HACKER Q&A
📣 poushkar

What keeps you from writing a blog?


What keeps you from writing a blog?


  👤 semicolonandson Accepted Answer ✓
I've blogged on and off since finishing college 11 years ago. Some posts about programming got millions of hits.

But this was mostly a decade ago. Today it is very difficult to find readers for blogs. This is due to:

1. Professional content-farms having thoroughly won the SEO game.

2. A shift in people's media consumption preferences from text to video and podcasts/audio-books

This year I replaced all my blogging with YouTubing and am finding it vastly easier to build an audience and connect with people.

I don't see myself going back to blogging and would strong recommend vlogging or podcasting instead. Be a person of your times.


👤 nikivi
Since I started a wiki, I haven't wrote a single post. I think the reason is that writing a 'blog post' feels like too much friction when I can just drop a note somewhere in my corpus of knowledge.

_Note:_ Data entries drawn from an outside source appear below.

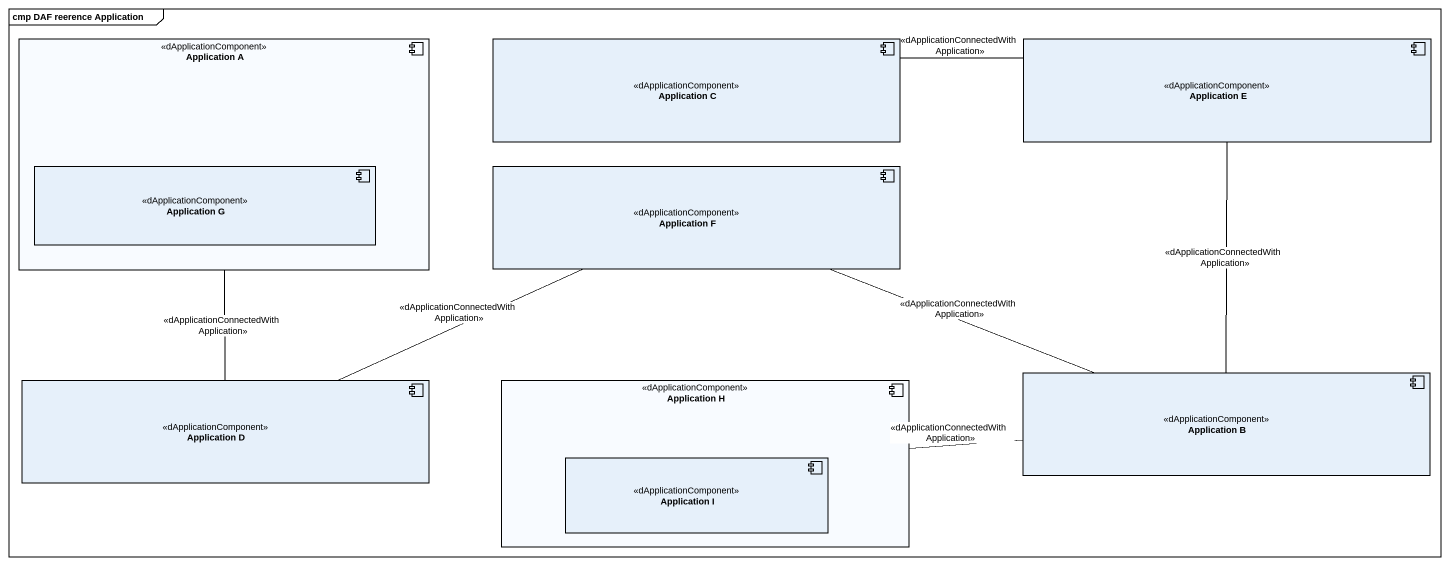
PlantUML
@startuml
mainframe cmp DAF reerence Application
component "Application A" as Application_A <<dApplicationComponent>> {
  component "Application G" as Application_G <<dApplicationComponent>>
}
component "Application C" as Application_C <<dApplicationComponent>>
component "Application E" as Application_E <<dApplicationComponent>>
component "Application F" as Application_F <<dApplicationComponent>>
component "Application B" as Application_B <<dApplicationComponent>>
component "Application D" as Application_D <<dApplicationComponent>>
component "Application H" as Application_H <<dApplicationComponent>> {
  component "Application I" as Application_I <<dApplicationComponent>>
}
Application_C -right- Application_E : <<dApplicationConnectedWithApplication>>
Application_F -left- Application_D : <<dApplicationConnectedWithApplication>>
Application_B -up- Application_E : <<dApplicationConnectedWithApplication>>
Application_B -left- Application_F : <<dApplicationConnectedWithApplication>>
Application_D -up- Application_A : <<dApplicationConnectedWithApplication>>
Application_H -right- Application_B : <<dApplicationConnectedWithApplication>>
@enduml
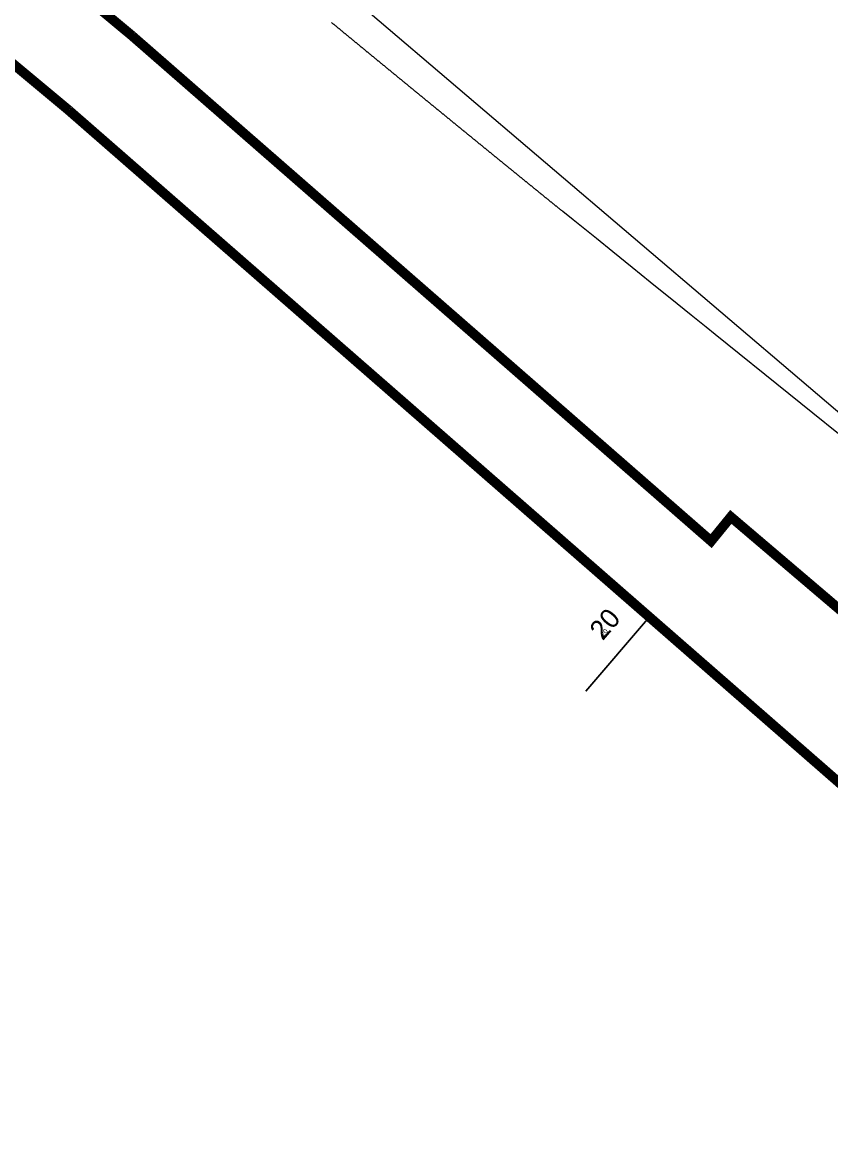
# Model space of a CAD drawing. Extents: x 174934 to 192674, y 648863 to 672607.
# Drawn here: x 184121.1 to 184286.3, y 657361.9 to 657592.8 of the extents above; entities that cross this region are included whole.
import ezdxf

# ---------------------------------------------------------------- set-up
doc = ezdxf.new("R2010")
doc.units = 0
doc.linetypes.add('Under', pattern=[19.5, 7, -1.5, 7, -1.5, 1, -1.5])
for name, color, linetype, lineweight in [('dim', 255, 'Continuous', 0), ('pbitul', 14, 'Continuous', 0), ('pmisunder', 202, 'Under', 0)]:
    doc.layers.add(name, color=color, linetype=linetype, lineweight=lineweight)
doc.layers.add('HEB_ENTITY', color=3, linetype='Continuous')
doc.styles.get("Standard").update_dxf_attribs({"font": 'HEBTXT'})

# ---------------------------------------------------------------- blocks, each defined once
blk = doc.blocks.new('dim', base_point=(179928.9, 662854.99))
at = {"layer": 'dim', "linetype": 'ByBlock'}
blk.add_attdef('NUMBER', (179928.9, 662854.99), '', height=20, dxfattribs=at)
blk = doc.blocks.new('HEB_ENTITY', base_point=(181159.32, 660193.8))
at = {"layer": 'HEB_ENTITY', "linetype": 'ByBlock'}
blk.add_attdef('VAL', (181159.32, 660193.8), '', height=1, dxfattribs=at)
at = {"layer": 'HEB_ENTITY', "linetype": 'ByBlock', "flags": 1}
for tag in ['WIDTH', 'TAG', 'XBASE', 'YBASE', 'PROMPT', 'HEIGHT', 'BLKNAME', 'BLKNUM']:
    blk.add_attdef(tag, (181159.32, 660193.8), '', height=1, dxfattribs=at)

msp = doc.modelspace()

# ---------------------------------------------------------------- linework, layer by layer
at = {"layer": 'dim', "linetype": 'ByBlock', "flags": 128}
msp.add_lwpolyline([(184236.25, 657456.04), (184249.29, 657471.2)], close=True, dxfattribs=at)
at = {"layer": 'pbitul', "flags": 128}
for points in [[(184102.46, 657671.13), (184299.74, 657503.04)], [(184322.95, 657480.46), (184262.71, 657528.99), (184260.86, 657530.48), (184257.85, 657532.91), (184254.94, 657535.25), (184249.47, 657539.66), (184245.77, 657542.65), (184241.79, 657545.86), (184238.43, 657548.58), (184233.67, 657552.42), (184231.58, 657554.12), (184231.5, 657554.18), (184231.42, 657554.25), (184231.34, 657554.31), (184231.26, 657554.37), (184231.19, 657554.44), (184231.11, 657554.5), (184231.03, 657554.56), (184230.95, 657554.62), (184230.88, 657554.69), (184230.8, 657554.75), (184230.72, 657554.81), (184230.64, 657554.88), (184230.57, 657554.94), (184230.49, 657555), (184230.41, 657555.07), (184230.33, 657555.13), (184230.25, 657555.19), (184230.18, 657555.25), (184230.1, 657555.32), (184230.02, 657555.38), (184229.94, 657555.44), (184229.87, 657555.51), (184229.79, 657555.57), (184229.71, 657555.63), (184229.63, 657555.7), (184229.56, 657555.76), (184229.48, 657555.82), (184229.4, 657555.88), (184229.32, 657555.95), (184229.24, 657556.01), (184229.17, 657556.07), (184229.09, 657556.14), (184229.01, 657556.2), (184228.93, 657556.26), (184228.86, 657556.33), (184228.78, 657556.39), (184228.7, 657556.45), (184228.62, 657556.51), (184228.55, 657556.58), (184228.47, 657556.64), (184228.39, 657556.7), (184228.31, 657556.77), (184228.23, 657556.83), (184228.16, 657556.89), (184228.08, 657556.96), (184228, 657557.02), (184227.92, 657557.08), (184227.85, 657557.14), (184227.77, 657557.21), (184227.69, 657557.27), (184227.61, 657557.33), (184227.54, 657557.4), (184227.46, 657557.46), (184227.38, 657557.52), (184227.3, 657557.59), (184227.23, 657557.65), (184227.15, 657557.71), (184227.07, 657557.77), (184226.99, 657557.84), (184226.91, 657557.9), (184226.84, 657557.96), (184226.76, 657558.03), (184226.68, 657558.09), (184226.6, 657558.15), (184226.53, 657558.22), (184226.45, 657558.28), (184226.37, 657558.34), (184226.29, 657558.4), (184226.22, 657558.47), (184226.14, 657558.53), (184226.06, 657558.59), (184225.98, 657558.66), (184225.91, 657558.72), (184225.83, 657558.78), (184225.75, 657558.85), (184225.67, 657558.91), (184225.6, 657558.97), (184225.52, 657559.04), (184225.44, 657559.1), (184225.36, 657559.16), (184225.28, 657559.22), (184225.21, 657559.29), (184225.13, 657559.35), (184225.05, 657559.41), (184224.97, 657559.48), (184224.9, 657559.54), (184224.82, 657559.6), (184224.74, 657559.67), (184224.66, 657559.73), (184224.59, 657559.79), (184224.51, 657559.85), (184224.43, 657559.92), (184224.35, 657559.98), (184224.28, 657560.04), (184224.2, 657560.11), (184224.12, 657560.17), (184224.04, 657560.23), (184223.97, 657560.3), (184223.89, 657560.36), (184223.81, 657560.42), (184223.73, 657560.49), (184223.65, 657560.55), (184223.58, 657560.61), (184223.5, 657560.67), (184223.42, 657560.74), (184223.34, 657560.8), (184223.27, 657560.86), (184223.19, 657560.93), (184223.11, 657560.99), (184223.03, 657561.05), (184222.96, 657561.12), (184222.88, 657561.18), (184222.8, 657561.24), (184222.72, 657561.31), (184222.65, 657561.37), (184222.57, 657561.43), (184222.49, 657561.49), (184222.41, 657561.56), (184222.34, 657561.62), (184222.26, 657561.68), (184222.18, 657561.75), (184222.1, 657561.81), (184222.03, 657561.87), (184221.95, 657561.94), (184221.87, 657562), (184221.79, 657562.06), (184221.71, 657562.13), (184221.64, 657562.19), (184221.56, 657562.25), (184221.48, 657562.31), (184221.4, 657562.38), (184221.33, 657562.44), (184221.25, 657562.5), (184221.17, 657562.57), (184221.09, 657562.63), (184221.02, 657562.69), (184220.94, 657562.76), (184220.86, 657562.82), (184220.78, 657562.88), (184220.71, 657562.95), (184220.63, 657563.01), (184220.55, 657563.07), (184220.47, 657563.14), (184220.4, 657563.2), (184220.32, 657563.26), (184220.24, 657563.32), (184220.16, 657563.39), (184220.09, 657563.45), (184220.01, 657563.51), (184219.93, 657563.58), (184219.85, 657563.64), (184219.78, 657563.7), (184219.7, 657563.77), (184219.62, 657563.83), (184219.54, 657563.89), (184219.47, 657563.96), (184219.39, 657564.02), (184219.31, 657564.08), (184219.23, 657564.14), (184219.16, 657564.21), (184219.08, 657564.27), (184219, 657564.33), (184218.92, 657564.4), (184218.84, 657564.46), (184218.77, 657564.52), (184218.69, 657564.59), (184218.61, 657564.65), (184218.53, 657564.71), (184218.46, 657564.78), (184218.38, 657564.84), (184218.3, 657564.9), (184218.22, 657564.97), (184218.15, 657565.03), (184218.07, 657565.09), (184217.99, 657565.16), (184217.91, 657565.22), (184217.84, 657565.28), (184217.76, 657565.34), (184217.68, 657565.41), (184217.6, 657565.47), (184217.53, 657565.53), (184217.45, 657565.6), (184217.37, 657565.66), (184217.29, 657565.72), (184217.22, 657565.79), (184217.14, 657565.85), (184217.06, 657565.91), (184216.98, 657565.98), (184216.91, 657566.04), (184216.83, 657566.1), (184216.75, 657566.17), (184216.67, 657566.23), (184216.6, 657566.29), (184216.52, 657566.36), (184216.44, 657566.42), (184216.36, 657566.48), (184216.29, 657566.54), (184216.21, 657566.61), (184216.13, 657566.67), (184216.05, 657566.73), (184215.98, 657566.8), (184215.9, 657566.86), (184215.82, 657566.92), (184215.74, 657566.99), (184215.67, 657567.05), (184215.59, 657567.11), (184215.51, 657567.18), (184215.43, 657567.24), (184215.36, 657567.3), (184215.28, 657567.37), (184215.2, 657567.43), (184215.12, 657567.49), (184215.05, 657567.56), (184214.97, 657567.62), (184214.89, 657567.68), (184214.81, 657567.75), (184214.74, 657567.81), (184214.66, 657567.87), (184214.58, 657567.93), (184214.5, 657568), (184214.43, 657568.06), (184214.35, 657568.12), (184214.27, 657568.19), (184214.19, 657568.25), (184214.12, 657568.31), (184214.04, 657568.38), (184213.96, 657568.44), (184213.88, 657568.5), (184213.81, 657568.57), (184213.73, 657568.63), (184213.65, 657568.69), (184213.57, 657568.76), (184213.5, 657568.82), (184213.42, 657568.88), (184213.34, 657568.95), (184213.26, 657569.01), (184213.19, 657569.07), (184213.11, 657569.14), (184213.03, 657569.2), (184212.95, 657569.26), (184212.88, 657569.33), (184212.8, 657569.39), (184212.72, 657569.45), (184212.64, 657569.52), (184212.57, 657569.58), (184212.49, 657569.64), (184212.41, 657569.7), (184212.33, 657569.77), (184212.26, 657569.83), (184212.18, 657569.89), (184212.1, 657569.96), (184212.02, 657570.02), (184211.95, 657570.08), (184211.87, 657570.15), (184211.79, 657570.21), (184211.71, 657570.27), (184211.64, 657570.34), (184211.56, 657570.4), (184211.48, 657570.46), (184211.4, 657570.53), (184211.33, 657570.59), (184211.25, 657570.65), (184211.17, 657570.72), (184211.09, 657570.78), (184211.02, 657570.84), (184210.94, 657570.91), (184210.86, 657570.97), (184210.78, 657571.03), (184210.71, 657571.1), (184210.63, 657571.16), (184210.55, 657571.22), (184210.47, 657571.29), (184210.4, 657571.35), (184210.32, 657571.41), (184210.24, 657571.48), (184210.16, 657571.54), (184210.09, 657571.6), (184210.01, 657571.67), (184209.93, 657571.73), (184209.86, 657571.79), (184209.78, 657571.86), (184209.7, 657571.92), (184209.62, 657571.98), (184209.55, 657572.04), (184209.47, 657572.11), (184209.39, 657572.17), (184209.31, 657572.23), (184209.24, 657572.3), (184209.16, 657572.36), (184209.08, 657572.42), (184209, 657572.49), (184208.93, 657572.55), (184208.85, 657572.61), (184208.77, 657572.68), (184208.69, 657572.74), (184208.62, 657572.8), (184208.54, 657572.87), (184208.46, 657572.93), (184208.38, 657572.99), (184208.31, 657573.06), (184208.23, 657573.12), (184208.15, 657573.18), (184208.07, 657573.25), (184208, 657573.31), (184207.92, 657573.37), (184207.84, 657573.44), (184207.76, 657573.5), (184207.69, 657573.56), (184207.61, 657573.63), (184207.53, 657573.69), (184207.45, 657573.75), (184207.38, 657573.82), (184207.3, 657573.88), (184207.22, 657573.94), (184207.15, 657574.01), (184207.07, 657574.07), (184206.99, 657574.13), (184206.91, 657574.2), (184206.84, 657574.26), (184206.76, 657574.32), (184206.68, 657574.39), (184206.6, 657574.45), (184206.53, 657574.51), (184206.45, 657574.58), (184206.37, 657574.64), (184206.29, 657574.7), (184206.22, 657574.77), (184206.14, 657574.83), (184206.06, 657574.89), (184205.98, 657574.96), (184205.91, 657575.02), (184205.83, 657575.08), (184205.75, 657575.15), (184205.67, 657575.21), (184205.6, 657575.27), (184205.52, 657575.34), (184205.44, 657575.4), (184205.36, 657575.46), (184205.29, 657575.53), (184205.21, 657575.59), (184205.13, 657575.65), (184205.06, 657575.72), (184204.98, 657575.78), (184204.9, 657575.84), (184204.82, 657575.91), (184204.75, 657575.97), (184204.67, 657576.03), (184204.59, 657576.1), (184204.51, 657576.16), (184204.44, 657576.22), (184204.36, 657576.29), (184204.28, 657576.35), (184204.2, 657576.41), (184204.13, 657576.48), (184204.05, 657576.54), (184203.97, 657576.6), (184203.89, 657576.67), (184203.82, 657576.73), (184203.74, 657576.79), (184203.66, 657576.86), (184203.59, 657576.92), (184203.51, 657576.98), (184203.43, 657577.05), (184203.35, 657577.11), (184203.28, 657577.17), (184203.2, 657577.24), (184203.12, 657577.3), (184203.04, 657577.36), (184202.97, 657577.43), (184202.89, 657577.49), (184202.81, 657577.55), (184202.73, 657577.62), (184202.66, 657577.68), (184202.58, 657577.74), (184202.5, 657577.81), (184202.42, 657577.87), (184202.35, 657577.93), (184202.27, 657578), (184202.19, 657578.06), (184202.12, 657578.12), (184202.04, 657578.19), (184201.96, 657578.25), (184201.88, 657578.31), (184201.81, 657578.38), (184201.73, 657578.44), (184201.65, 657578.5), (184201.57, 657578.57), (184201.5, 657578.63), (184201.42, 657578.69), (184201.34, 657578.76), (184201.26, 657578.82), (184201.19, 657578.88), (184201.11, 657578.95), (184201.03, 657579.01), (184200.95, 657579.07), (184200.88, 657579.14), (184200.8, 657579.2), (184200.72, 657579.26), (184200.65, 657579.33), (184200.57, 657579.39), (184200.49, 657579.45), (184200.41, 657579.52), (184200.34, 657579.58), (184200.26, 657579.64), (184200.18, 657579.71), (184200.1, 657579.77), (184200.03, 657579.84), (184199.95, 657579.9), (184199.87, 657579.96), (184199.79, 657580.03), (184199.72, 657580.09), (184199.64, 657580.15), (184199.56, 657580.22), (184199.49, 657580.28), (184199.41, 657580.34), (184199.33, 657580.41), (184199.25, 657580.47), (184199.18, 657580.53), (184199.1, 657580.6), (184199.02, 657580.66), (184198.94, 657580.72), (184198.87, 657580.79), (184198.79, 657580.85), (184198.71, 657580.91), (184198.64, 657580.98), (184198.56, 657581.04), (184198.48, 657581.1), (184198.4, 657581.17), (184198.33, 657581.23), (184198.25, 657581.29), (184198.17, 657581.36), (184198.09, 657581.42), (184198.02, 657581.48), (184197.94, 657581.55), (184197.86, 657581.61), (184197.78, 657581.67), (184197.71, 657581.74), (184197.63, 657581.8), (184197.55, 657581.86), (184197.48, 657581.93), (184197.4, 657581.99), (184197.32, 657582.05), (184197.24, 657582.12), (184197.17, 657582.18), (184197.09, 657582.25), (184197.01, 657582.31), (184196.93, 657582.37), (184196.86, 657582.44), (184196.78, 657582.5), (184196.7, 657582.56), (184196.63, 657582.63), (184196.55, 657582.69), (184196.47, 657582.75), (184196.39, 657582.82), (184196.32, 657582.88), (184196.24, 657582.94), (184196.16, 657583.01), (184196.08, 657583.07), (184196.01, 657583.13), (184195.93, 657583.2), (184195.85, 657583.26), (184195.78, 657583.32), (184195.7, 657583.39), (184195.62, 657583.45), (184195.54, 657583.51), (184195.47, 657583.58), (184195.39, 657583.64), (184195.31, 657583.7), (184195.23, 657583.77), (184195.16, 657583.83), (184195.08, 657583.9), (184195, 657583.96), (184194.93, 657584.02), (184194.85, 657584.09), (184194.77, 657584.15), (184194.69, 657584.21), (184194.62, 657584.28), (184194.54, 657584.34), (184194.46, 657584.4), (184194.38, 657584.47), (184194.31, 657584.53), (184194.23, 657584.59), (184194.15, 657584.66), (184194.08, 657584.72), (184194, 657584.78), (184193.92, 657584.85), (184193.84, 657584.91), (184193.77, 657584.97), (184193.69, 657585.04), (184193.61, 657585.1), (184193.53, 657585.16), (184193.46, 657585.23), (184193.38, 657585.29), (184193.3, 657585.36), (184193.23, 657585.42), (184193.15, 657585.48), (184193.07, 657585.55), (184192.99, 657585.61), (184192.92, 657585.67), (184192.84, 657585.74), (184192.76, 657585.8), (184192.68, 657585.86), (184192.61, 657585.93), (184192.53, 657585.99), (184192.45, 657586.05), (184192.38, 657586.12), (184192.3, 657586.18), (184192.22, 657586.24), (184192.14, 657586.31), (184192.07, 657586.37), (184191.99, 657586.44), (184191.91, 657586.5), (184191.84, 657586.56), (184191.76, 657586.63), (184191.68, 657586.69), (184191.6, 657586.75), (184191.53, 657586.82), (184191.45, 657586.88), (184191.37, 657586.94), (184191.29, 657587.01), (184191.22, 657587.07), (184191.14, 657587.13), (184191.06, 657587.2), (184190.99, 657587.26), (184190.91, 657587.32), (184190.83, 657587.39), (184190.75, 657587.45), (184190.68, 657587.52), (184190.6, 657587.58), (184190.52, 657587.64), (184190.44, 657587.71), (184190.37, 657587.77), (184190.29, 657587.83), (184190.21, 657587.9), (184190.14, 657587.96), (184190.06, 657588.02), (184189.98, 657588.09), (184189.9, 657588.15), (184189.83, 657588.21), (184189.75, 657588.28), (184189.67, 657588.34), (184189.6, 657588.4), (184189.52, 657588.47), (184189.44, 657588.53), (184189.36, 657588.6), (184189.29, 657588.66), (184189.21, 657588.72), (184189.13, 657588.79), (184189.06, 657588.85), (184188.98, 657588.91), (184188.9, 657588.98), (184188.82, 657589.04), (184188.75, 657589.1), (184188.67, 657589.17), (184188.59, 657589.23), (184188.51, 657589.29), (184188.44, 657589.36), (184188.36, 657589.42), (184188.28, 657589.49), (184188.21, 657589.55), (184188.13, 657589.61), (184188.05, 657589.68), (184187.97, 657589.74), (184187.9, 657589.8), (184187.82, 657589.87), (184187.74, 657589.93), (184187.67, 657589.99), (184187.59, 657590.06), (184187.51, 657590.12), (184187.43, 657590.18), (184187.36, 657590.25), (184187.28, 657590.31), (184187.2, 657590.38), (184187.13, 657590.44), (184187.05, 657590.5), (184186.97, 657590.57), (184186.89, 657590.63), (184186.82, 657590.69), (184186.74, 657590.76), (184186.66, 657590.82), (184186.59, 657590.88), (184186.51, 657590.95), (184186.43, 657591.01), (184186.35, 657591.07), (184186.28, 657591.14), (184186.2, 657591.2), (184186.12, 657591.27), (184186.04, 657591.33), (184185.97, 657591.39), (184185.89, 657591.46), (184185.81, 657591.52), (184185.74, 657591.58), (184185.66, 657591.65), (184185.58, 657591.71), (184185.5, 657591.77), (184185.43, 657591.84), (184185.35, 657591.9), (184185.27, 657591.97), (184185.2, 657592.03), (184185.12, 657592.09), (184185.04, 657592.16), (184184.96, 657592.22), (184184.89, 657592.28), (184184.81, 657592.35), (184184.73, 657592.41), (184184.66, 657592.47), (184184.58, 657592.54), (184184.5, 657592.6), (184184.42, 657592.67), (184184.35, 657592.73), (184184.27, 657592.79)]]:
    msp.add_lwpolyline(points, dxfattribs=at)
at = {"layer": 'pmisunder', "const_width": 2, "flags": 128}
msp.add_lwpolyline([(183379.76, 658177.07, -0.011173), (183541.72, 658063.95), (183565.84, 658047.03, -0.002325), (183598.71, 658022.38, -0.006569), (183650.44, 657982.31), (184058.73, 657635.34), (184089.35, 657609.37, 0.001903), (184130.55, 657574.83), (184289.63, 657435.96), (184295.24, 657453.36), (184348.84, 657407.93), (184342.75, 657391.23), (184571.27, 657188.67), (184670.98, 657120.84), (184683.72, 657136.36), (184583.58, 657204.49), (184366.21, 657397.17), (184368.76, 657404.16), (184265.93, 657491.67), (184261.9, 657486.72), (184143.52, 657590.05, -0.000787), (184122.71, 657607.43, -0.000949), (184102.26, 657624.65), (184071.68, 657650.58), (183982.18, 657726.64), (183837.98, 657849.18), (183693.53, 657971.93), (183663.15, 657997.75, 0.006601), (183610.75, 658038.35), (183610.75, 658038.35, 0.002342), (183577.53, 658063.26), (183553.18, 658080.35, 0.000891), (183540.42, 658089.65, 0.009903), (183390.84, 658193.72), (183264.28, 658283.97), (183253.52, 658267.09), (183321.44, 658218.64), (183358.62, 658207.56), (183351.45, 658202.52), (183348.65, 658196.22), (183364.45, 658187.12), (183379.76, 658177.07)], format="xyb", close=True, dxfattribs=at)

# ---------------------------------------------------------------- block references
at = {"layer": 'dim', "linetype": 'ByBlock'}
ref = msp.add_blockref('dim', (184239.74, 657466.23), dxfattribs=dict(at, rotation=49.29113536460383))
ref.add_attrib('NUMBER', '20', (184239.74, 657466.23), dxfattribs={"layer": '0', "height": 4, "rotation": 49.2911})
at = {"layer": 'HEB_ENTITY', "linetype": 'ByBlock'}
ref = msp.add_blockref('HEB_ENTITY', (184239.89, 657467.1), dxfattribs=dict(at, rotation=49.29106696008718))
ref.add_attrib('VAL', '20', (184239.89, 657467.1), dxfattribs={"layer": '0', "height": 1, "rotation": 49.2911})

doc.saveas('drawing.dxf')

Makes it easy for querying too.

https://github.com/nikitavoloboev/knowledge


👤 CM30
For the most part, branding. I don't use my real name online, or have much interest in doing so.

So I'm not entirely sure how I'd brand a blog that doesn't have a specific subject to cover.


👤 heapslip
Being unable to find a point at which I'm happy with the outcome. I have an uncontrollable fear that what I create is not good enough to share, be it articles or code, while my rational self acknowledges that the quality is more than ok and might help others.

I never wrote about basic "How to FP in X language", "Here's a script I wrote over the weekend, it's amazing", "How to git" articles. This limitation I have on myself pisses me off when I read most of the content on medium / dev.to. I see that people are going for cheatsheets / how-to-x-in-10-minutes-but-not-really-understand-what's-going-on content, and I feel that either my content will not be consumed, or it will be discarded as pretentious.

Add to this that English is my second language, and other personal insecurities and flaws (vanity - "I need to appear smart to my peers", vanity guilt - "I'm trying to pose as someone else", etc), and you've got a pretty bad recipe.

Over the years this has turned into over countless abandoned blogs and side projects.

Lately I'm trying to fix this and other issues (not connecting to people, etc) by streaming while I do stuff, but often I don't manage to convince myself to do it.

This is very much an emotional problem that I am aware of, and I notice the harmful patterns as the thoughts surface in my mind, but I'm not strong enough to block yet.

^ everything here applies to comments as well


👤 trash3
What I'd like to blog about is a niche of a niche of a niche which I'd like to someday consult in and I'm afraid I'd give too much away

👤 potta_coffee
I can write but I'm afraid of exposing lack of technical excellence. It seems like I should be a true expert if I'm going to write a technical blog, and I'm not sure I'll ever feel like I'm that competent. Or another way of thinking about it, there are so many awesome technical blogs out there - what do I have to say that they're not saying but with more skill?

👤 non-entity
Mostly just not having something to write about. I probably will if I ever get started on one of my numerous backlogged project ideas. Of course even then there's issues to tackle, like choosing a domain name and getting anyone to even see it.

👤 ManlyBread
How would I get people to read it? The search engines of today won't show my tiny blog when they can show a huge, popular site instead. It would take years of work to get any kind of a decent following.

👤 082349872349872
(a) memories of Dave Winer promoting blogging.

(b) a preference for long-form discourse.